INPUT MATERIAL -

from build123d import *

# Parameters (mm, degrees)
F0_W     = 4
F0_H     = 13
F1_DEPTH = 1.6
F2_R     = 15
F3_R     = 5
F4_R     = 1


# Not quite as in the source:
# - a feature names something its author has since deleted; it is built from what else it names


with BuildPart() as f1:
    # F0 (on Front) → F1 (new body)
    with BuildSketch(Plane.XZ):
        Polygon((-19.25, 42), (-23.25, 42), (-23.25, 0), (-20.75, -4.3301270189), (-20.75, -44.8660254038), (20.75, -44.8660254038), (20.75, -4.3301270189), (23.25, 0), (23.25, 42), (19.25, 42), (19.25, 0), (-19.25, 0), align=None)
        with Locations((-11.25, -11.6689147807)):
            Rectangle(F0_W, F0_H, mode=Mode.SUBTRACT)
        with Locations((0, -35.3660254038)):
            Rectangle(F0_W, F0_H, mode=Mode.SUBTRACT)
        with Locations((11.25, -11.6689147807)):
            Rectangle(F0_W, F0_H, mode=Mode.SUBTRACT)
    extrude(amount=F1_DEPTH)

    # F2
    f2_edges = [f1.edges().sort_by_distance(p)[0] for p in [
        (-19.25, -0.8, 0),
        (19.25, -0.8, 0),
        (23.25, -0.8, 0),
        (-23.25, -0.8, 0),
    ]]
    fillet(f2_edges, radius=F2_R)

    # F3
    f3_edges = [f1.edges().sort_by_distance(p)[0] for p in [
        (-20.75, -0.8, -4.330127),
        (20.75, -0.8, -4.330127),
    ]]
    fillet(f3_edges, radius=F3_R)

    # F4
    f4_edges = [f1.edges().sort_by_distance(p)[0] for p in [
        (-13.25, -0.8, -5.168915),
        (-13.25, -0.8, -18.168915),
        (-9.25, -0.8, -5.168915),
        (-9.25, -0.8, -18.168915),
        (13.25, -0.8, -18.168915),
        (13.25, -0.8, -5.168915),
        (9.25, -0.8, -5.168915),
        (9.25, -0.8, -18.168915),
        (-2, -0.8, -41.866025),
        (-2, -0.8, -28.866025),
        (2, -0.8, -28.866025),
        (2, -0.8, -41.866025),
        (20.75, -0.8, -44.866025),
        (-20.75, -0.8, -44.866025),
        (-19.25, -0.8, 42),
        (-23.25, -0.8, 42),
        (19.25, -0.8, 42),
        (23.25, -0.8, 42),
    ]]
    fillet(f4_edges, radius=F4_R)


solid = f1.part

TASK GOAL - Return each line of the material in which the string "fillet" can be found.

OUTPUT FOR THIS TASK -
    fillet(f2_edges, radius=F2_R)
    fillet(f3_edges, radius=F3_R)
    fillet(f4_edges, radius=F4_R)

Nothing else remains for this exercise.